[Source data]
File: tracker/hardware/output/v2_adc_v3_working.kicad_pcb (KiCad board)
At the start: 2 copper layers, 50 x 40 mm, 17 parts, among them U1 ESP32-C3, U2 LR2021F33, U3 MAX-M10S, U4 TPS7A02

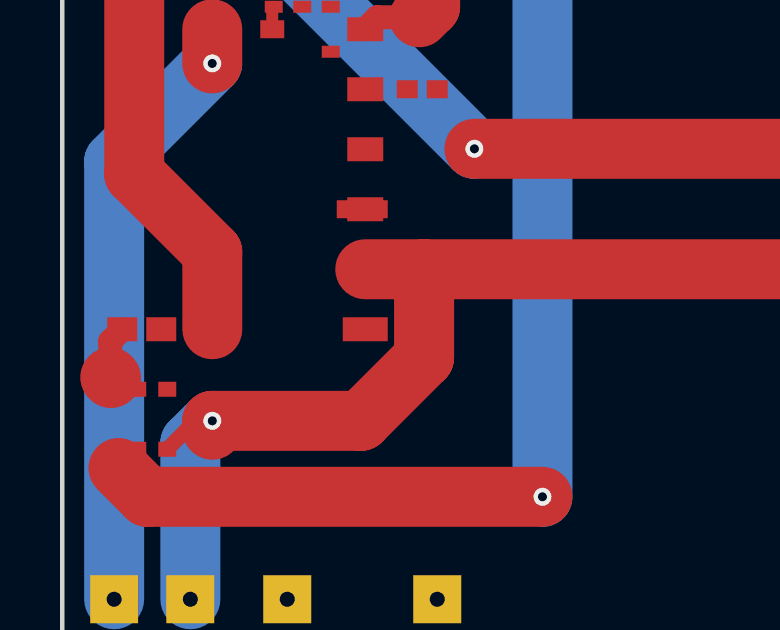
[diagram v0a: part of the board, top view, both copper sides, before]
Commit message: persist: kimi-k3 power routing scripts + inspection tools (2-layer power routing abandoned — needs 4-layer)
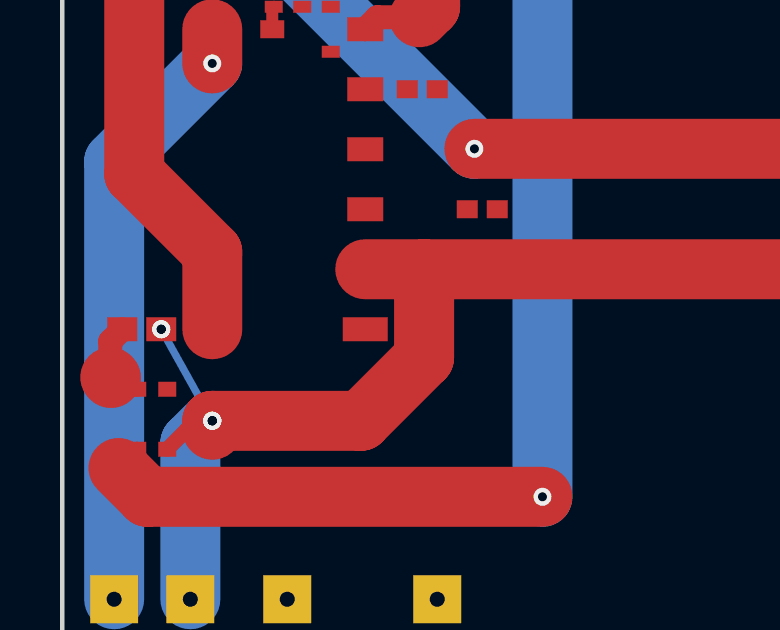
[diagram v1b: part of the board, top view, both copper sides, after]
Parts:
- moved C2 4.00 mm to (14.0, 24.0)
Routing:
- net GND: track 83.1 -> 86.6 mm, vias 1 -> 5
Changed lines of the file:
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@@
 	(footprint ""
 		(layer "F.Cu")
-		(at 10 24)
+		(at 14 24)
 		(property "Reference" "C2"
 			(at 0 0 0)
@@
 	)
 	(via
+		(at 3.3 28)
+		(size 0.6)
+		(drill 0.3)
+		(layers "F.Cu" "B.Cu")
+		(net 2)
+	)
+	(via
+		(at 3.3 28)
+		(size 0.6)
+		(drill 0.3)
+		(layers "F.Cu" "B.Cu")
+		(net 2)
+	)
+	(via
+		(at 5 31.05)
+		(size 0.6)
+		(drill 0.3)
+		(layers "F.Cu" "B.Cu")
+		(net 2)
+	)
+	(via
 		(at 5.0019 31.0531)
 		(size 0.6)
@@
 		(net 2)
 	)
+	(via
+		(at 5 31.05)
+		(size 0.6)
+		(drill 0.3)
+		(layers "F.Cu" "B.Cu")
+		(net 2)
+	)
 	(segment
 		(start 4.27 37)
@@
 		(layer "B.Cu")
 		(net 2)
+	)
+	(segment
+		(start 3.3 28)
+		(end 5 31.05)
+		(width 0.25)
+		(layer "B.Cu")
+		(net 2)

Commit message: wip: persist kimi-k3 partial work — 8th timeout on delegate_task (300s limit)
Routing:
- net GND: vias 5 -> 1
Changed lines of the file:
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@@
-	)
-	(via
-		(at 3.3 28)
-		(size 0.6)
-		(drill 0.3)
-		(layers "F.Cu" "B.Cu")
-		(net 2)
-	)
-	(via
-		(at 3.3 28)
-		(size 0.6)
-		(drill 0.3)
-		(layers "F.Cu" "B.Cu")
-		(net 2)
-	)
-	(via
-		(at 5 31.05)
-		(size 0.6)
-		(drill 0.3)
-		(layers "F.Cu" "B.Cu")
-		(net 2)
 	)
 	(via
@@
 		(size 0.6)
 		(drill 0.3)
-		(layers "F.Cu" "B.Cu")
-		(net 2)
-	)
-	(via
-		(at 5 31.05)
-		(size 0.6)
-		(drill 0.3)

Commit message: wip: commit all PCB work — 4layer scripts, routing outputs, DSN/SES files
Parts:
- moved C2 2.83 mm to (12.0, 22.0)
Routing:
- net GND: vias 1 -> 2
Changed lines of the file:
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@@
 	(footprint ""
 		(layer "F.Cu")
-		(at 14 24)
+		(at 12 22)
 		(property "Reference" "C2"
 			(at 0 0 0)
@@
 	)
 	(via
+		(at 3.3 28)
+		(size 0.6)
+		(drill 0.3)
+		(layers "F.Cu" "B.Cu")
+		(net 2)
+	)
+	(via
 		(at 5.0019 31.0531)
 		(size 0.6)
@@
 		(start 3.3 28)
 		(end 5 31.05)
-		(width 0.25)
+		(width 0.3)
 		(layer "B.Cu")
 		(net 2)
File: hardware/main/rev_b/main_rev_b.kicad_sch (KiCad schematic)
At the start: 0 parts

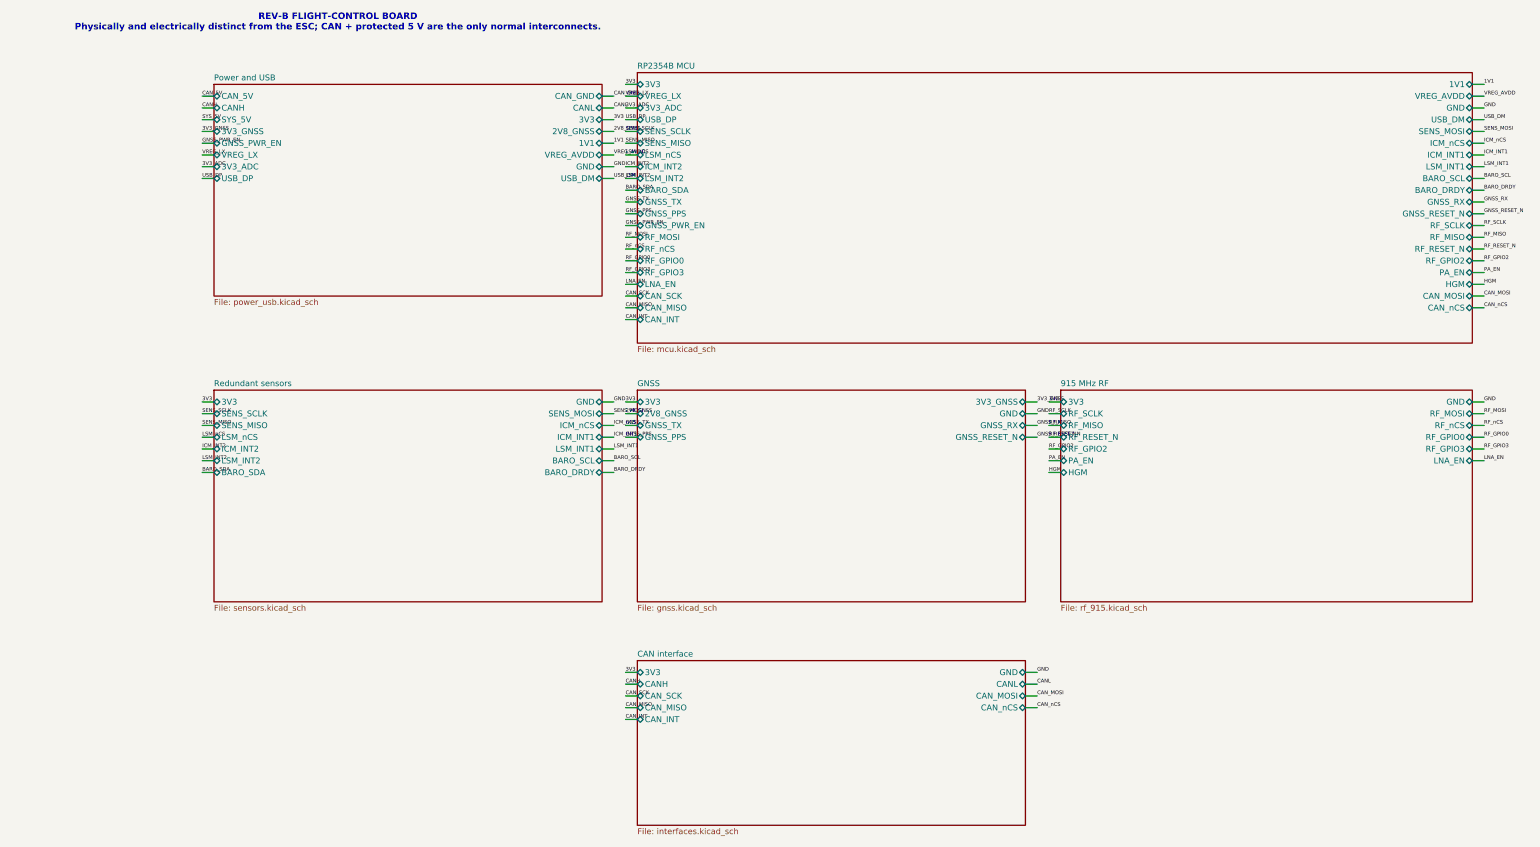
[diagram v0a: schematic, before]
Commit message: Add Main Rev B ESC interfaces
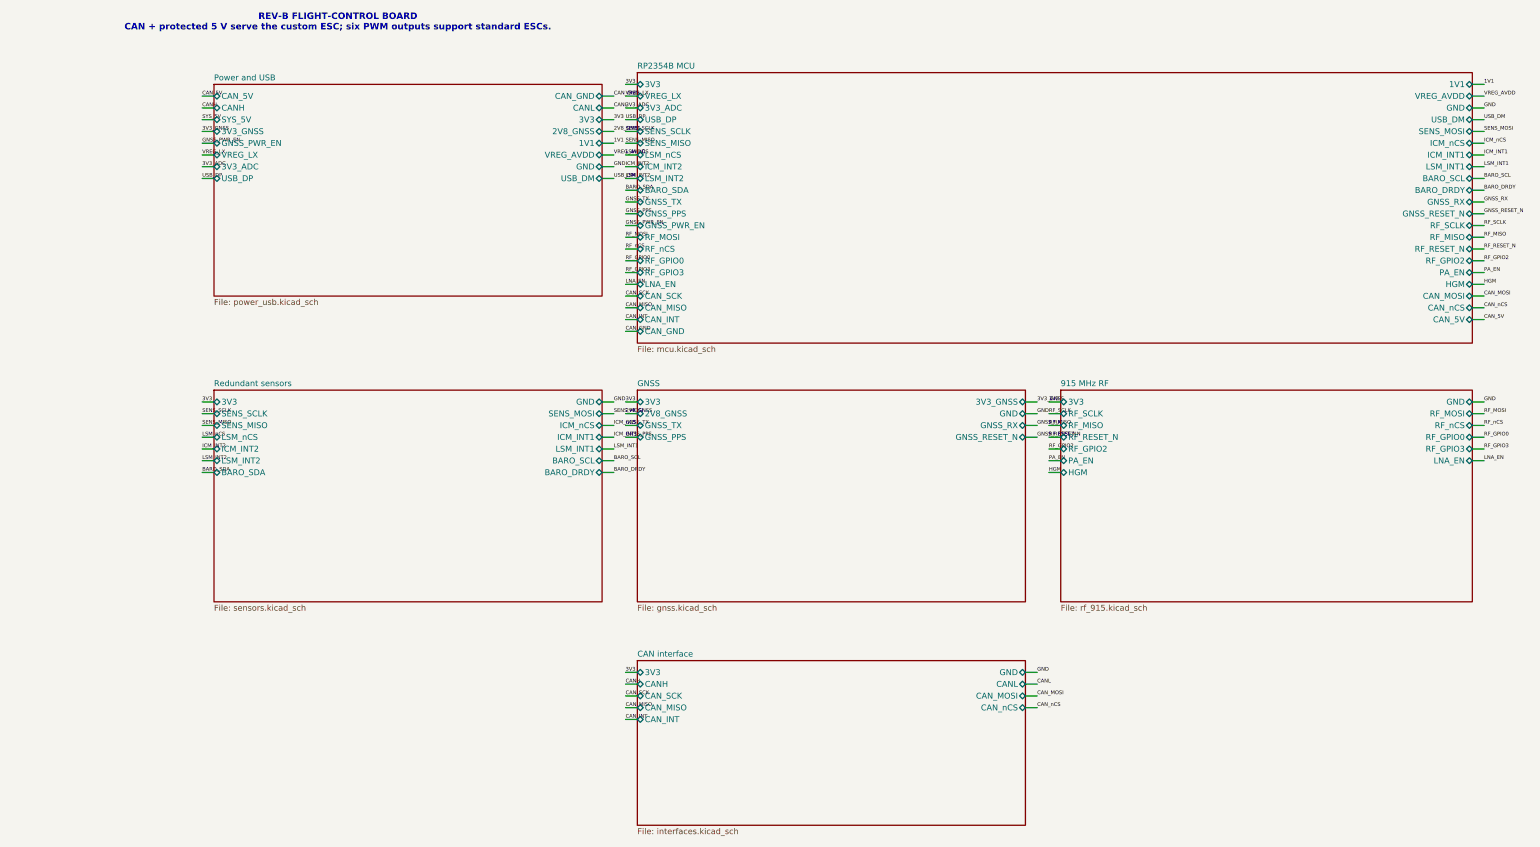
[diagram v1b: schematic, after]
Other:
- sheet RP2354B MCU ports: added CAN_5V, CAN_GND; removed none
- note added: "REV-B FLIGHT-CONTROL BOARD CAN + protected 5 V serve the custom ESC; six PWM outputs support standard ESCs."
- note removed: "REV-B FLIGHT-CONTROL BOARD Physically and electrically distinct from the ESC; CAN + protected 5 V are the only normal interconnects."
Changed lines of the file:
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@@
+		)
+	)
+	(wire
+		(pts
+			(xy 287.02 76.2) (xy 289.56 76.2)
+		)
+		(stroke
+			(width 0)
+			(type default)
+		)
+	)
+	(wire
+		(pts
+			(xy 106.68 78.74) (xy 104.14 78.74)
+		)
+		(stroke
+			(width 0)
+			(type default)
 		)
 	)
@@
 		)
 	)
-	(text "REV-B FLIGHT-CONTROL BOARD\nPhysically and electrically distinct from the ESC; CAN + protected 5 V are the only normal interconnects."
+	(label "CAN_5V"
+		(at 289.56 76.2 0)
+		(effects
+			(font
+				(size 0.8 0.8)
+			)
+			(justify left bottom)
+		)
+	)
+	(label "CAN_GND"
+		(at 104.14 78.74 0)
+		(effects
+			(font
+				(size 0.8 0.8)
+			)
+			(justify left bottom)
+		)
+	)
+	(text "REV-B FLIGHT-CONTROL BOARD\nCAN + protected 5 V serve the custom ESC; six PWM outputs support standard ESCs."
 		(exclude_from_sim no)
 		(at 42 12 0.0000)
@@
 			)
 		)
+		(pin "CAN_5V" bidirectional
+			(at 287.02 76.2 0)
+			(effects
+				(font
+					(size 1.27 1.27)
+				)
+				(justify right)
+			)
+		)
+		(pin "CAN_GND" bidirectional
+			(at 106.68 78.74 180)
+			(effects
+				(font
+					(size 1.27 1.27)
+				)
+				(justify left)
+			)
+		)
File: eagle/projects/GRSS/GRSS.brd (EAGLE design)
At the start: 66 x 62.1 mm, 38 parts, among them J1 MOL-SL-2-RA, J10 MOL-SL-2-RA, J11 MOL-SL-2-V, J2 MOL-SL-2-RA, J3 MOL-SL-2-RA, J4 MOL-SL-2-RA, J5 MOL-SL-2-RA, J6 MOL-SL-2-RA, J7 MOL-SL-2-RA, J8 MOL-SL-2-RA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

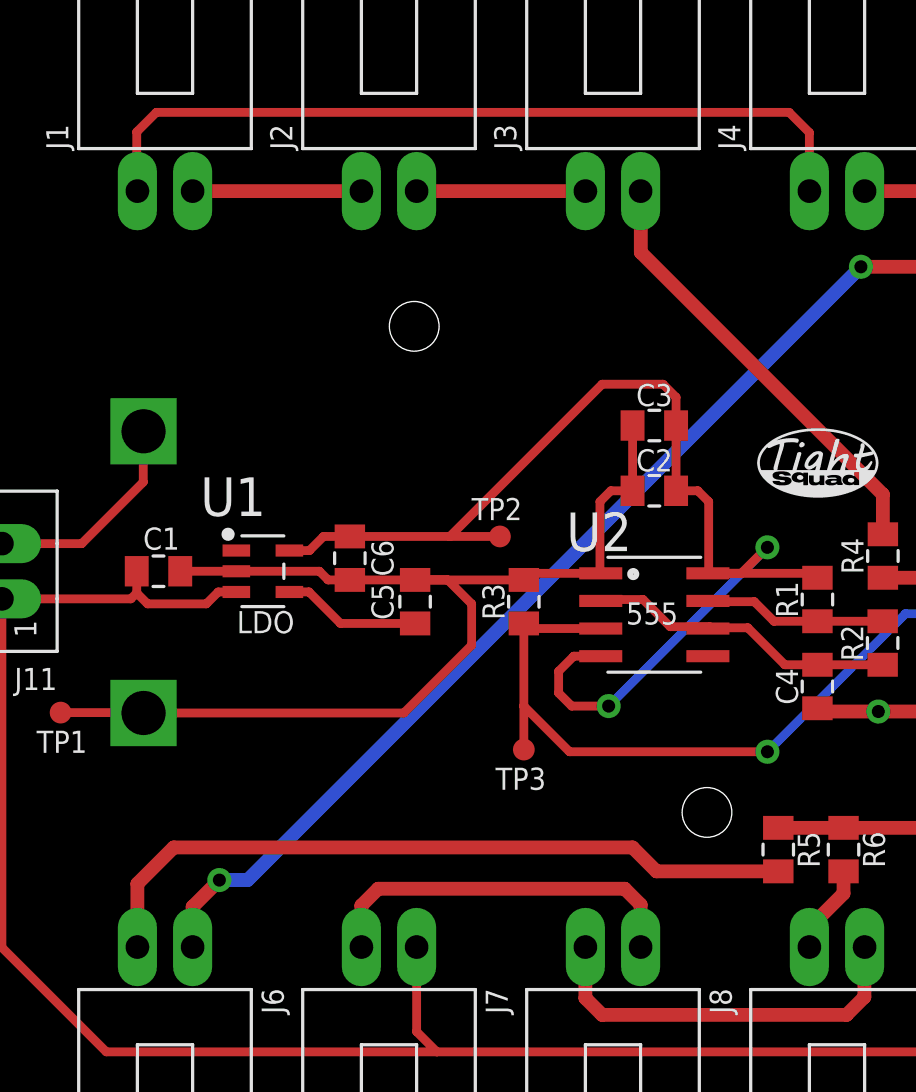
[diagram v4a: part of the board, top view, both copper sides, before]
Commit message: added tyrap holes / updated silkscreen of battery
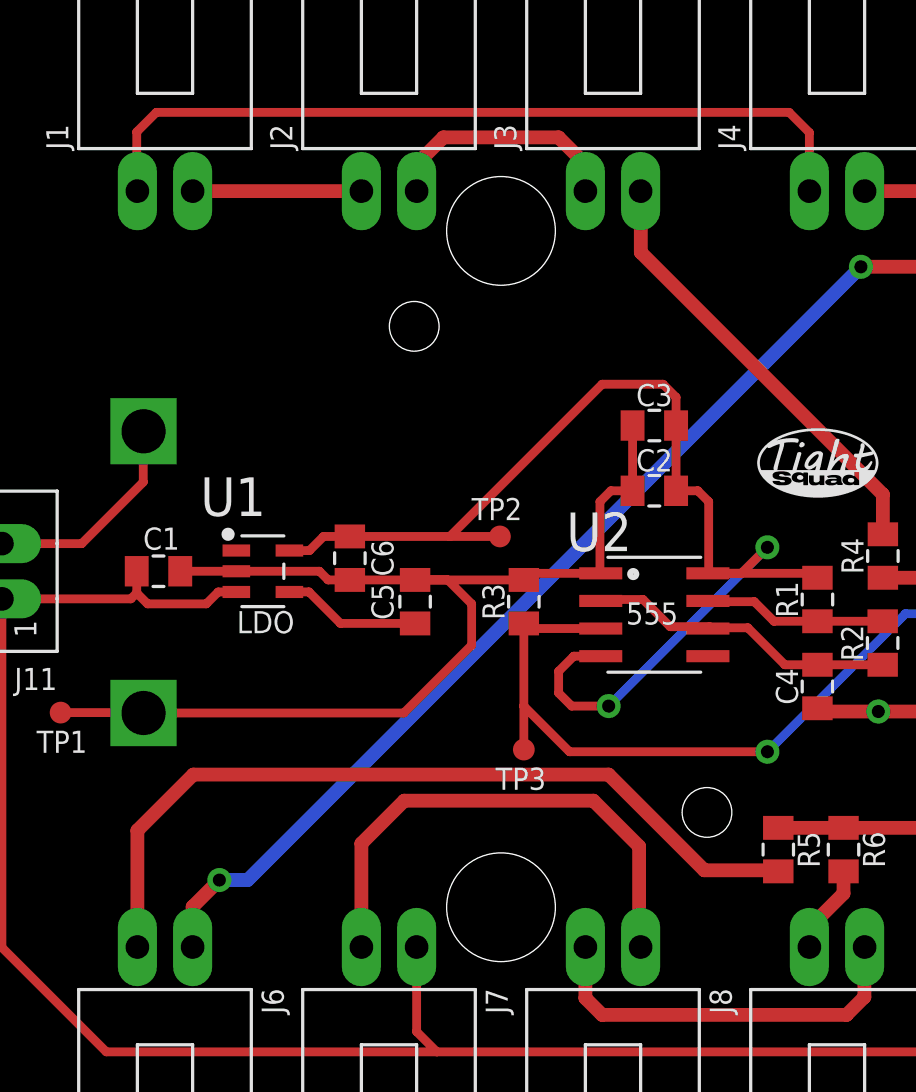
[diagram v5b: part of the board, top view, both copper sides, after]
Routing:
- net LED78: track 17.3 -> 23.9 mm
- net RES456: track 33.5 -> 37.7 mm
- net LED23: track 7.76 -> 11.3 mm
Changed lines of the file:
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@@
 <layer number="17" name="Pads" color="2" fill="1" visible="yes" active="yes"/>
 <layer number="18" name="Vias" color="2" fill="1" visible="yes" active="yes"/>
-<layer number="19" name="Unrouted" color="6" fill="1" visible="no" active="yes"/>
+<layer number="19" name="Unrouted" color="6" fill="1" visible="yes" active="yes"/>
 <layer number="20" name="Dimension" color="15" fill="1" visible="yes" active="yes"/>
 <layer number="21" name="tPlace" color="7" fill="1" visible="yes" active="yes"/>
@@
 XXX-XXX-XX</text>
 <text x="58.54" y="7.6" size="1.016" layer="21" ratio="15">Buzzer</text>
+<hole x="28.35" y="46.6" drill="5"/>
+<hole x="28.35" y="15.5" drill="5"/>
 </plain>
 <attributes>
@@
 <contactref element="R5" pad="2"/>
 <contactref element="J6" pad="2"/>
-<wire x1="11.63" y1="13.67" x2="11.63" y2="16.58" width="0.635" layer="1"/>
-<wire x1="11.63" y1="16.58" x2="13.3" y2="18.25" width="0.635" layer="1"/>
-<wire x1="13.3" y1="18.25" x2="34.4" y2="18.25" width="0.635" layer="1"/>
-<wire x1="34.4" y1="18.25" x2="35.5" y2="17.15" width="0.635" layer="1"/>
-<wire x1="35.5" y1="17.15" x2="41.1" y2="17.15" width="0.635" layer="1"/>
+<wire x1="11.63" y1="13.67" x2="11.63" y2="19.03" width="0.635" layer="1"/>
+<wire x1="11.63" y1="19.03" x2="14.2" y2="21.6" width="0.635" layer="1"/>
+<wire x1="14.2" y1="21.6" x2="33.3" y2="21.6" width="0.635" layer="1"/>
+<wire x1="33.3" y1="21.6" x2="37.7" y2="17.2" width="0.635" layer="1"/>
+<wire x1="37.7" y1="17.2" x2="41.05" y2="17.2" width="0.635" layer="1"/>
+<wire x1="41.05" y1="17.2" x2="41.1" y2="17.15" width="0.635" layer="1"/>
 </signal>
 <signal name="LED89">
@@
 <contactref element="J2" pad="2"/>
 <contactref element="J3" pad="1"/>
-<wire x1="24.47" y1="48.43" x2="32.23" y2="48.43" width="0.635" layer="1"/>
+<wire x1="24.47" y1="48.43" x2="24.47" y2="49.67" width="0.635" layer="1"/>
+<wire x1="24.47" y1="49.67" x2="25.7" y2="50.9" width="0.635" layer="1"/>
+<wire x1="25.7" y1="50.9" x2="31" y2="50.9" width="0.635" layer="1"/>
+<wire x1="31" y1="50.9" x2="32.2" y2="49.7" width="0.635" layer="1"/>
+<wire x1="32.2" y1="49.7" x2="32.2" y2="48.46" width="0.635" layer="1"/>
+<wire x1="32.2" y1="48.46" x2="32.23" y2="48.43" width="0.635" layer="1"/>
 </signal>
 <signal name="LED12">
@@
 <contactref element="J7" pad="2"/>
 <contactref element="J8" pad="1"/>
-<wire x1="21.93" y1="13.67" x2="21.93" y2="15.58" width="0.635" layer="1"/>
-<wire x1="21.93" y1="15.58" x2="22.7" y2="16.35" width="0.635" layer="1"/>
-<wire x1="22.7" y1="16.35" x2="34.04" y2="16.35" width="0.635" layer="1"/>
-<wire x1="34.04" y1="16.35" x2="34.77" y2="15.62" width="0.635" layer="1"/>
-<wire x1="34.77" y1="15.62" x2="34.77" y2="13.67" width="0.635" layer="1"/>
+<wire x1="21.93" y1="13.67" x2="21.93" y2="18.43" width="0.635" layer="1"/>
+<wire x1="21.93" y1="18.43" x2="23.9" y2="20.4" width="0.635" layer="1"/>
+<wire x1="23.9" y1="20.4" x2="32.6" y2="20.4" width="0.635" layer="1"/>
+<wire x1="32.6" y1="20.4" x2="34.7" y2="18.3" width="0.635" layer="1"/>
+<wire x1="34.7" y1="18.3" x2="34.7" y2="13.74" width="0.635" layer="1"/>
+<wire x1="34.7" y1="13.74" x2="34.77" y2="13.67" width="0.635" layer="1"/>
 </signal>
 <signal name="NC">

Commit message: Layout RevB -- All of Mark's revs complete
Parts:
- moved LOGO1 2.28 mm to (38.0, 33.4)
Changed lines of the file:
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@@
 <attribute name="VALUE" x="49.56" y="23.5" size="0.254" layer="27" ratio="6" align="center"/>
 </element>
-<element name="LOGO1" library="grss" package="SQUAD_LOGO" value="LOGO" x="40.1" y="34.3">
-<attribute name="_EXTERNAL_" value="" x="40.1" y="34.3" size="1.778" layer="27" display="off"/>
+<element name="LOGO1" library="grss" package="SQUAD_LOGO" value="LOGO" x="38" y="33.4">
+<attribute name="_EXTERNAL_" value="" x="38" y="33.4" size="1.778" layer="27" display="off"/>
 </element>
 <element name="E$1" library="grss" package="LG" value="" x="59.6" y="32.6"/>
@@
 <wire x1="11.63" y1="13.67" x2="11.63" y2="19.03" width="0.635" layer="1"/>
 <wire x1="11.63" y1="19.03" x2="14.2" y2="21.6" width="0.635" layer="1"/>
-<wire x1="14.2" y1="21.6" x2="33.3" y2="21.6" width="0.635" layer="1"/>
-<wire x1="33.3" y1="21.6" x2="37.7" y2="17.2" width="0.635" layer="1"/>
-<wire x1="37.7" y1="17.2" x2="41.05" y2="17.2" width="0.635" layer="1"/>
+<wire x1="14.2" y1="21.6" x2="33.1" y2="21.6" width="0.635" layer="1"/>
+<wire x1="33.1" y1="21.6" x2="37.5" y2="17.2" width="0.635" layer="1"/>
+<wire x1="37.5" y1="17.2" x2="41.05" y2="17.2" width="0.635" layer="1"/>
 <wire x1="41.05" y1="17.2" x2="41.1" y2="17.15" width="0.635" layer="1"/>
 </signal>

■ TASK INSTRUCTIONS
Report each line in the entries where the string "interconnects" occurs.

■ OUTPUT BELOW
- note removed: "REV-B FLIGHT-CONTROL BOARD Physically and electrically distinct from the ESC; CAN + protected 5 V are the only normal interconnects."
-	(text "REV-B FLIGHT-CONTROL BOARD\nPhysically and electrically distinct from the ESC; CAN + protected 5 V are the only normal interconnects."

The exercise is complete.